Sunday, 18 January 2026

Sebagian besar masyarakat Jakarta mungkin pernah memiliki cita-cita untuk tinggal di kawasan elit Jakarta, salah satunya Menteng. Kawasan ini kerap dipersepsikan sebagai simbol prestise, kemapanan, dan sejarah panjang kelas atas ibu kota. Meski demikian, seiring berjalannya waktu, impian tersebut perlahan memudar bagi sebagian orang karena tekanan ekonomi dan perubahan gaya hidup, serta realitas sosial.

Bukan tanpa alasan, harga lahan di Menteng saat ini sudah mencapai Rp100 juta per meter persegi. Bahkan, pada lokasi-lokasi tertentu, nilai tersebut dapat melonjak hingga Rp150 juta per meter persegi, mencerminkan prestise dan tingginya permintaan di kawasan ini.

Sejalan dengan hal tersebut, salah satu lembaga survei properti menyebutkan bahwa, tren pasar hunian tapak menunjukkan adanya pergeseran, yaitu permintaan hunian premium (dengan harga di atas Rp3 miliar) meningkat sekitar 17% di kota satelit Jakarta seperti Sentul, Tangerang, Bekasi, hingga Bogor. 

Namun, keinginan untuk memiliki rumah di pusat kota Jakarta tidak pernah sirna.

Sekilas sejarah mengenai Menteng, salah satu kawasan prestisius di Jakarta, kawasan ini sejak awal dirancang sebagai hunian elit pada era kolonial Belanda. Pengembangannya berkaitan erat dengan pemindahan pusat kota dari Batavia ke Weltevreden akibat wabah malaria dan dinamika sosial saat itu. Untuk menunjang kebutuhan hunian para pejabat pemerintahan, Menteng kemudian dikembangkan sebagai Garden City pertama di Indonesia dengan memadukan kualitas hidup yang tinggi dan elemen ruang hijau.

Hingga saat ini, kawasan tersebut masih menjadi kawasan prestisius dengan alasan-alasan sebagai berikut.

  1. Lokasi Sangat Strategis
    Golden Triangle Jakarta menjadi salah satu alasan Menteng begitu prestisius diantara kawasan lainnya.
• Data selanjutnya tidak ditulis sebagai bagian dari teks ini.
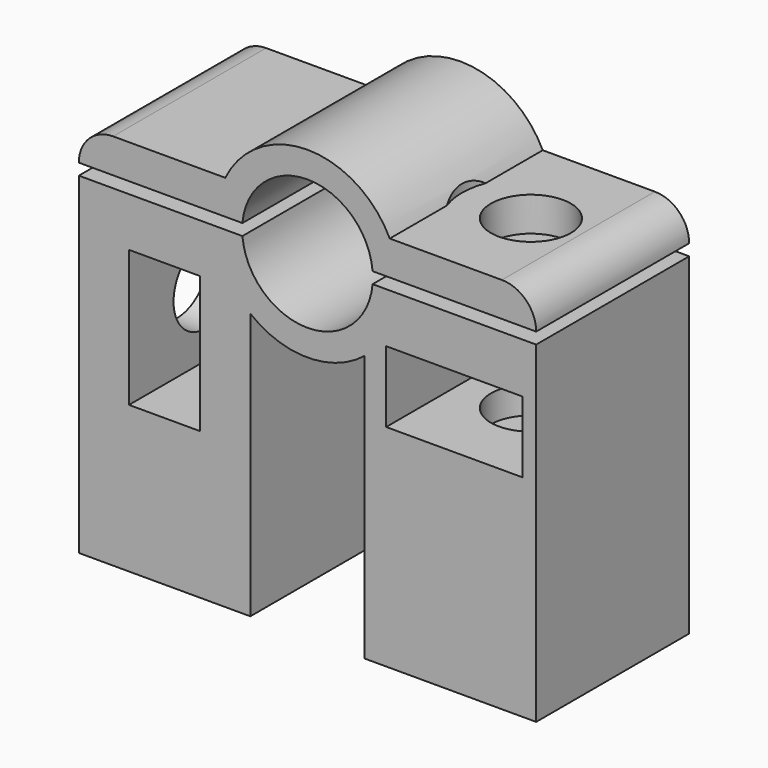
from build123d import *

# Parameters (mm, degrees)
F1_DEPTH  = 16.7254
F2_W      = 12.954
F2_H      = 27.051
F3_DEPTH  = 1.905
F4_R      = 3.4925
F5_DEPTH  = 10.668
F6_R      = 2.99999
F7_R      = 3.4925
F8_DEPTH  = 33.052
F9_R      = 3.4925
F10_DEPTH = 13
F11_W     = 6.223
F11_H     = 11.938
F11_W_2   = 11.938
F11_H_2   = 6.223
F12_DEPTH = 14.0775
F13_R     = 6.0325
F14_DEPTH = 25


# Not quite as in the source:
# - a fillet or chamfer is up to 0.001 mm smaller than in the source, because OpenCascade refuses the exact size
# - a length typed as a fraction of an inch, garbled in the dataset ("3 / 203.2 mm" for 3/8 in), is restored


with BuildPart() as f1:
    # F0 (on Front) → F1 (new body)
    with BuildSketch(Plane.XZ):
        with BuildLine():
            Line((-15, 0), (0, 0))
            Line((0, 0), (0, 29.051))
            Line((0, 29.051), (-14.3069142813, 29.051))
            ThreePointArc((-14.3069142813, 29.051), (-20, 23.836), (-25.6930857187, 29.051))
            Line((-25.6930857187, 29.051), (-40, 29.051))
            Line((-40, 29.051), (-40, 0))
            Line((-40, 0), (-25, 0))
            Line((-25, 0), (-25, 23.3060020016))
            ThreePointArc((-25, 23.3060020016), (-20, 21.551), (-15, 23.3060020016))
            Line((-15, 23.3060020016), (-15, 0))
        make_face()
    extrude(amount=F1_DEPTH)

    # F2 (on face) → F3 (cut)
    with BuildSketch(Plane(origin=(-40, 0, 0), x_dir=(0, -1, 0), z_dir=(-1, 0, 0))):
        with Locations((8.3627, 13.5255)):
            Rectangle(F2_W, F2_H)
    extrude(amount=-F3_DEPTH, mode=Mode.SUBTRACT)

    # F4 (on face) → F5 (cut)
    with BuildSketch(Plane(origin=(-38.095, 0, 0), x_dir=(0, -1, 0), z_dir=(-1, 0, 0))):
        with Locations((8.3627, 18.796)):
            Circle(F4_R)
    extrude(amount=-F5_DEPTH, mode=Mode.SUBTRACT)

    # F9 (on face) → F10 (cut)
    with BuildSketch(Plane.XY.offset(29.051)):
        with Locations((-7.1534571407, -8.3629)):
            Circle(F9_R)
    extrude(amount=-F10_DEPTH, mode=Mode.SUBTRACT)

    # F11 (on face) → F12 (cut)
    with BuildSketch(Plane.XZ.offset(16.7254)):
        with Locations((-32.5, 18.796)):
            Rectangle(F11_W, F11_H)
        with Locations((-7.1534571407, 21.551)):
            Rectangle(F11_W_2, F11_H_2)
    extrude(amount=-F12_DEPTH, mode=Mode.SUBTRACT)


with BuildPart() as f1b:
    # F0 (on Front) → F1, piece 2 (new body)
    with BuildSketch(Plane.XZ):
        with BuildLine():
            ThreePointArc((-25.6930857187, 30.051), (-20, 35.266), (-14.3069142813, 30.051))
            Line((-14.3069142813, 30.051), (0, 30.051))
            Line((0, 30.051), (0, 33.051))
            Line((0, 33.051), (-12.806252715, 33.051))
            ThreePointArc((-12.806252715, 33.051), (-20, 37.551), (-27.193747285, 33.051))
            Line((-27.193747285, 33.051), (-40, 33.051))
            Line((-40, 33.051), (-40, 30.051))
            Line((-40, 30.051), (-25.6930857187, 30.051))
        make_face()
    extrude(amount=F1_DEPTH)

    # F6 (radius 3 in the source; OpenCascade refuses exactly that, so slightly less here)
    f6_edges = [f1b.edges().sort_by_distance(p)[0] for p in [
        (-40, -8.3627, 33.051),
        (0, -8.3627, 33.051),
    ]]
    fillet(f6_edges, radius=F6_R)

    # F7 (on face) → F8 (cut, through all)
    with BuildSketch(Plane.XY.offset(33.051)):
        with Locations((-7.1534571407, -8.3629)):
            Circle(F7_R)
    extrude(amount=-F8_DEPTH, mode=Mode.SUBTRACT)

    # F13 (on face) → F14 (cut)
    with BuildSketch(Plane.XY.offset(33.051)):
        with Locations((-7.1534571407, -8.3629)):
            Circle(F13_R)
    extrude(amount=F14_DEPTH, mode=Mode.SUBTRACT)


solid = Compound([f1.part, f1b.part])
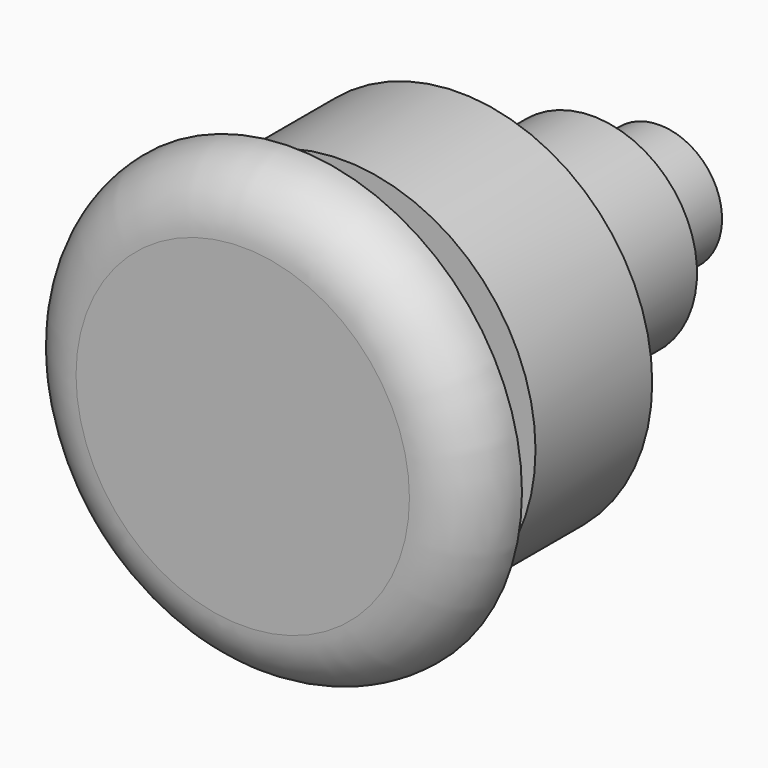
from build123d import *

# Parameters (mm, degrees)
F0_R     = 15.875
F1_DEPTH = 9.525
F2_R     = 29.36875
F3_DEPTH = 22.225
F4_R     = 15.875
F5_DEPTH = 25.4
F6_R     = 9.525
F7_DEPTH = 12.7
F8_R     = 34.925
F9_DEPTH = 9.525
F10_R    = 9.52499


# Not quite as in the source:
# - a fillet or chamfer is up to 0.001 mm smaller than in the source, because OpenCascade refuses the exact size


with BuildPart() as f1:
    # F0 (on Front) → F1 (new body)
    with BuildSketch(Plane.XZ):
        Circle(F0_R)
    extrude(amount=-F1_DEPTH)

    # F2 (on face) → F3 (join)
    with BuildSketch(Plane(origin=(0, 9.525, 0), x_dir=(-1, 0, 0), z_dir=(0, 1, 0))):
        Circle(F2_R)
    extrude(amount=F3_DEPTH)

    # F4 (on face) → F5 (join)
    with BuildSketch(Plane(origin=(0, 31.75, 0), x_dir=(-1, 0, 0), z_dir=(0, 1, 0))):
        Circle(F4_R)
    extrude(amount=F5_DEPTH)

    # F6 (on face) → F7 (join)
    with BuildSketch(Plane(origin=(0, 57.15, 0), x_dir=(-1, 0, 0), z_dir=(0, 1, 0))):
        Circle(F6_R)
    extrude(amount=F7_DEPTH)

    # F8 (on face) → F9 (join)
    with BuildSketch(Plane.XZ):
        Circle(F8_R)
    extrude(amount=F9_DEPTH)

    # F10 (radius 9.525 in the source; OpenCascade refuses exactly that, so slightly less here)
    f10_edges = [f1.edges().sort_by_distance(p)[0] for p in [
        (-34.925, -9.525, 0),
    ]]
    fillet(f10_edges, radius=F10_R)


solid = f1.part

Aksesibilitas yang tinggi terhadap pusat bisnis, transportasi umum (KRL Bundaran HI, MRT Bundaran HI, lin BRT dan juga non BRT), dan fasilitas umum/sosial lainnya. 

  2. Termasuk Cagar Budaya
    Sejak tahun 1975, Jakarta melalui Surat Keputusan Gubernur No.D.IV-6098/d/33/1975 telah menetapkan Menteng sebagai cagar budaya, kawasan ini masih mempertahankan peninggalan era kolonial dan elemen hijau dari penataan garden city yang membuat kawasan ini hijau dan sejuk.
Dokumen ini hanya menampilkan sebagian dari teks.